In the vein of other films inspired by the 1920s Leopold and Loeb homicide case, notably Alfred Hitchcock’s “Rope,” “Murder by Numbers” presents villains aiming for the perfect crime, an intellectual and philosophical exercise to put them in the rarefied company of people who’ve gotten away with murder.

Richard and Justin carefully orchestrate clues to frame a janitor (Chris Penn), then sit back and smirk as detectives dutifully follow the trail of bread crumbs they’ve left.

Cassie, of course, sees through the ruse, immediately suspecting the youths on instinct because Richard manifests the smarmy charm of a dark figure from her past.

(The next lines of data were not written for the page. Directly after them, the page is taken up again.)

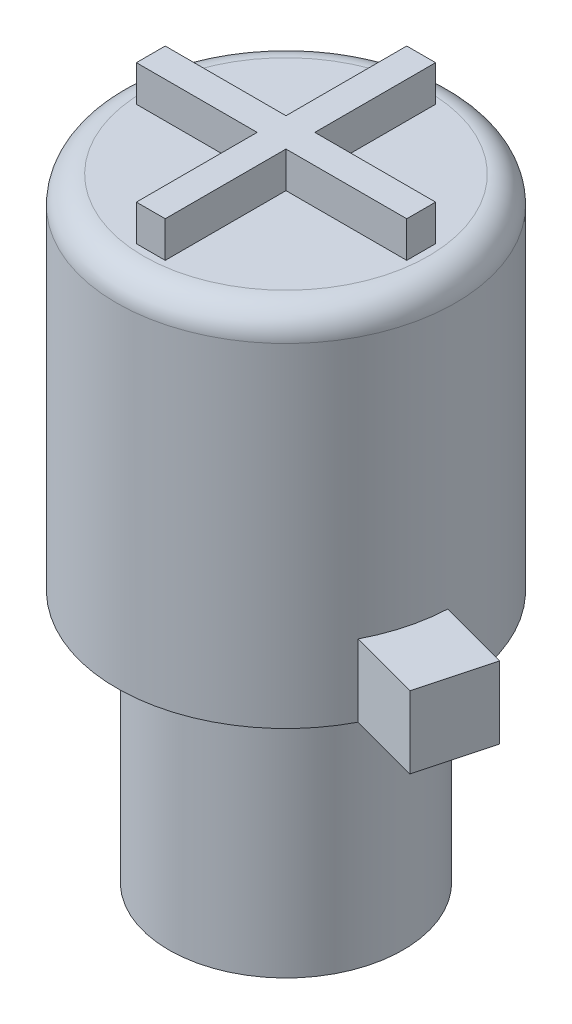
ISO-10303-21;
HEADER;
FILE_DESCRIPTION(('STEP AP214'),'2;1');
FILE_NAME('part.step','',(''),(''),'','','');
FILE_SCHEMA(('AUTOMOTIVE_DESIGN { 1 0 10303 214 1 1 1 1 }'));
ENDSEC;
DATA;
#1=APPLICATION_CONTEXT('core data for automotive mechanical design processes');
#2=APPLICATION_PROTOCOL_DEFINITION('international standard','automotive_design',2000,#1);
#3=PRODUCT_CONTEXT('',#1,'mechanical');
#4=PRODUCT('Part','Part','',(#3));
#5=PRODUCT_RELATED_PRODUCT_CATEGORY('part','',(#4));
#6=PRODUCT_DEFINITION_FORMATION('','',#4);
#7=PRODUCT_DEFINITION_CONTEXT('part definition',#1,'design');
#8=PRODUCT_DEFINITION('design','',#6,#7);
#9=PRODUCT_DEFINITION_SHAPE('','',#8);
#10=(LENGTH_UNIT() NAMED_UNIT(*) SI_UNIT(.MILLI.,.METRE.));
#11=(NAMED_UNIT(*) PLANE_ANGLE_UNIT() SI_UNIT($,.RADIAN.));
#12=(NAMED_UNIT(*) SI_UNIT($,.STERADIAN.) SOLID_ANGLE_UNIT());
#13=UNCERTAINTY_MEASURE_WITH_UNIT(LENGTH_MEASURE(1.E-05),#10,'distance_accuracy_value','');
#14=(GEOMETRIC_REPRESENTATION_CONTEXT(3) GLOBAL_UNCERTAINTY_ASSIGNED_CONTEXT((#13)) GLOBAL_UNIT_ASSIGNED_CONTEXT((#10,
#11,#12)) REPRESENTATION_CONTEXT('',''));
#15=CARTESIAN_POINT('',(0.,0.,0.));
#16=DIRECTION('',(0.,0.,1.));
#17=DIRECTION('',(1.,0.,0.));
#18=AXIS2_PLACEMENT_3D('',#15,#16,#17);
#19=CARTESIAN_POINT('',(0.,7.018,0.));
#20=DIRECTION('',(0.,-1.,0.));
#21=DIRECTION('',(0.,0.,-1.));
#22=AXIS2_PLACEMENT_3D('',#19,#20,#21);
#23=CYLINDRICAL_SURFACE('',#22,3.25);
#24=CARTESIAN_POINT('',(0.,7.018,0.));
#25=DIRECTION('',(0.,1.,0.));
#26=DIRECTION('',(0.,0.,1.));
#27=AXIS2_PLACEMENT_3D('',#24,#25,#26);
#28=CIRCLE('',#27,3.25);
#29=CARTESIAN_POINT('',(0.,7.018,3.25));
#30=VERTEX_POINT('',#29);
#31=EDGE_CURVE('E424',#30,#30,#28,.T.);
#32=ORIENTED_EDGE('',*,*,#31,.F.);
#33=EDGE_LOOP('',(#32));
#34=FACE_BOUND('',#33,.T.);
#35=CARTESIAN_POINT('',(0.,0.,0.));
#36=DIRECTION('',(0.,1.,0.));
#37=DIRECTION('',(0.,0.,1.));
#38=AXIS2_PLACEMENT_3D('',#35,#36,#37);
#39=CIRCLE('',#38,3.25);
#40=CARTESIAN_POINT('',(0.,0.,3.25));
#41=VERTEX_POINT('',#40);
#42=EDGE_CURVE('E428',#41,#41,#39,.T.);
#43=ORIENTED_EDGE('',*,*,#42,.T.);
#44=EDGE_LOOP('',(#43));
#45=FACE_BOUND('',#44,.T.);
#46=ADVANCED_FACE('F63',(#34,#45),#23,.T.);
#47=CARTESIAN_POINT('',(0.,0.,0.));
#48=DIRECTION('',(0.,1.,0.));
#49=DIRECTION('',(0.,0.,1.));
#50=AXIS2_PLACEMENT_3D('',#47,#48,#49);
#51=PLANE('',#50);
#52=ORIENTED_EDGE('',*,*,#42,.F.);
#53=EDGE_LOOP('',(#52));
#54=FACE_BOUND('',#53,.T.);
#55=ADVANCED_FACE('F456',(#54),#51,.F.);
#56=CARTESIAN_POINT('',(0.,17.018,0.));
#57=DIRECTION('',(0.,-1.,0.));
#58=DIRECTION('',(0.,0.,-1.));
#59=AXIS2_PLACEMENT_3D('',#56,#57,#58);
#60=CYLINDRICAL_SURFACE('',#59,4.7);
#61=CARTESIAN_POINT('',(0.,7.018,0.));
#62=DIRECTION('',(0.,1.,0.));
#63=DIRECTION('',(0.,0.,1.));
#64=AXIS2_PLACEMENT_3D('',#61,#62,#63);
#65=CIRCLE('',#64,4.7);
#66=CARTESIAN_POINT('',(-4.6778447544368,7.018,0.455816249587572));
#67=VERTEX_POINT('',#66);
#68=CARTESIAN_POINT('',(4.16954959355992,7.018,2.16906804569251));
#69=VERTEX_POINT('',#68);
#70=EDGE_CURVE('E420',#67,#69,#65,.T.);
#71=ORIENTED_EDGE('',*,*,#70,.T.);
#72=DIRECTION('',(0.,-1.,0.));
#73=VECTOR('',#72,1.);
#74=CARTESIAN_POINT('',(4.16954959355992,9.018,2.16906804569251));
#75=LINE('',#74,#73);
#76=CARTESIAN_POINT('',(4.16954959355992,9.018,2.16906804569251));
#77=VERTEX_POINT('',#76);
#78=EDGE_CURVE('E79',#77,#69,#75,.T.);
#79=ORIENTED_EDGE('',*,*,#78,.F.);
#80=CARTESIAN_POINT('',(0.,9.018,0.));
#81=DIRECTION('',(0.,1.,0.));
#82=DIRECTION('',(0.,0.,-1.));
#83=AXIS2_PLACEMENT_3D('',#80,#81,#82);
#84=CIRCLE('',#83,4.7);
#85=CARTESIAN_POINT('',(4.69546989320823,9.018,0.20630676667312));
#86=VERTEX_POINT('',#85);
#87=EDGE_CURVE('E83',#77,#86,#84,.T.);
#88=ORIENTED_EDGE('',*,*,#87,.T.);
#89=DIRECTION('',(0.,-1.,0.));
#90=VECTOR('',#89,1.);
#91=CARTESIAN_POINT('',(4.69546989320823,9.018,0.20630676667312));
#92=LINE('',#91,#90);
#93=CARTESIAN_POINT('',(4.69546989320823,7.018,0.20630676667312));
#94=VERTEX_POINT('',#93);
#95=EDGE_CURVE('E213',#86,#94,#92,.T.);
#96=ORIENTED_EDGE('',*,*,#95,.T.);
#97=CARTESIAN_POINT('',(-3.8232242675083,7.018,-2.73367082881894));
#98=VERTEX_POINT('',#97);
#99=EDGE_CURVE('E423',#94,#98,#65,.T.);
#100=ORIENTED_EDGE('',*,*,#99,.T.);
#101=DIRECTION('',(0.,-1.,0.));
#102=VECTOR('',#101,1.);
#103=CARTESIAN_POINT('',(-3.8232242675083,9.018,-2.73367082881894));
#104=LINE('',#103,#102);
#105=CARTESIAN_POINT('',(-3.8232242675083,9.018,-2.73367082881894));
#106=VERTEX_POINT('',#105);
#107=EDGE_CURVE('E259',#106,#98,#104,.T.);
#108=ORIENTED_EDGE('',*,*,#107,.F.);
#109=CARTESIAN_POINT('',(0.,9.018,0.));
#110=DIRECTION('',(0.,1.,0.));
#111=DIRECTION('',(0.,0.,-1.));
#112=AXIS2_PLACEMENT_3D('',#109,#110,#111);
#113=CIRCLE('',#112,4.7);
#114=CARTESIAN_POINT('',(-4.6778447544368,9.018,0.455816249587572));
#115=VERTEX_POINT('',#114);
#116=EDGE_CURVE('E268',#106,#115,#113,.T.);
#117=ORIENTED_EDGE('',*,*,#116,.T.);
#118=DIRECTION('',(0.,-1.,0.));
#119=VECTOR('',#118,1.);
#120=CARTESIAN_POINT('',(-4.6778447544368,9.018,0.455816249587572));
#121=LINE('',#120,#119);
#122=EDGE_CURVE('E248',#115,#67,#121,.T.);
#123=ORIENTED_EDGE('',*,*,#122,.T.);
#124=EDGE_LOOP('',(#71,#79,#88,#96,#100,#108,#117,#123));
#125=FACE_BOUND('',#124,.T.);
#126=CARTESIAN_POINT('',(0.,16.268,0.));
#127=DIRECTION('',(0.,1.,0.));
#128=DIRECTION('',(0.,0.,1.));
#129=AXIS2_PLACEMENT_3D('',#126,#127,#128);
#130=CIRCLE('',#129,4.7);
#131=CARTESIAN_POINT('',(0.,16.268,4.7));
#132=VERTEX_POINT('',#131);
#133=EDGE_CURVE('E12',#132,#132,#130,.F.);
#134=ORIENTED_EDGE('',*,*,#133,.T.);
#135=EDGE_LOOP('',(#134));
#136=FACE_BOUND('',#135,.T.);
#137=ADVANCED_FACE('F461',(#125,#136),#60,.T.);
#138=CARTESIAN_POINT('',(0.,17.018,0.));
#139=DIRECTION('',(0.,1.,0.));
#140=DIRECTION('',(0.,0.,1.));
#141=AXIS2_PLACEMENT_3D('',#138,#139,#140);
#142=PLANE('',#141);
#143=CARTESIAN_POINT('',(0.,17.018,0.));
#144=DIRECTION('',(0.,1.,0.));
#145=DIRECTION('',(0.,0.,1.));
#146=AXIS2_PLACEMENT_3D('',#143,#144,#145);
#147=CIRCLE('',#146,3.95);
#148=CARTESIAN_POINT('',(0.,17.018,3.95));
#149=VERTEX_POINT('',#148);
#150=EDGE_CURVE('E72',#149,#149,#147,.T.);
#151=ORIENTED_EDGE('',*,*,#150,.T.);
#152=EDGE_LOOP('',(#151));
#153=FACE_BOUND('',#152,.T.);
#154=DIRECTION('',(0.,0.,-1.));
#155=VECTOR('',#154,1.);
#156=CARTESIAN_POINT('',(0.4,17.018,-0.399999999999999));
#157=LINE('',#156,#155);
#158=CARTESIAN_POINT('',(0.4,17.018,-0.399999999999999));
#159=VERTEX_POINT('',#158);
#160=CARTESIAN_POINT('',(0.4,17.018,-3.75));
#161=VERTEX_POINT('',#160);
#162=EDGE_CURVE('E243',#159,#161,#157,.T.);
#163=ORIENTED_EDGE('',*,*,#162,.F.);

It’s here that “Murder by Numbers” fizzles after establishing a sharp story and colorful character interaction. Cassie becomes preoccupied with her previous misfortune, and the shift weakens her bold character and waters down the more captivating events at hand.

Cassie gradually is reduced from the sort of engaging, formidable heroine common in old Hollywood to yet another female protagonist defined and stagnated by victimization. It’s a disservice to Bullock, who exudes great magnetism as the saucy, defiant Cassie before the story begins to diminish her.

From a commanding, capable detective who knows what she wants and does not hesitate to pursue it, Cassie devolves into a twitchy, terrified rookie who has trouble coping in a showdown with the killers she previously had hunted with cool aplomb.

Truly involving early on, Cassie becomes a dull stereotype as her squeamishness grows.

There’s nothing wrong with piling on emotional baggage for a character to overcome. Here, though, it disables what could have been a stronger cat-and-mice story of a fierce woman facing down a pair of diabolically scheming murderers.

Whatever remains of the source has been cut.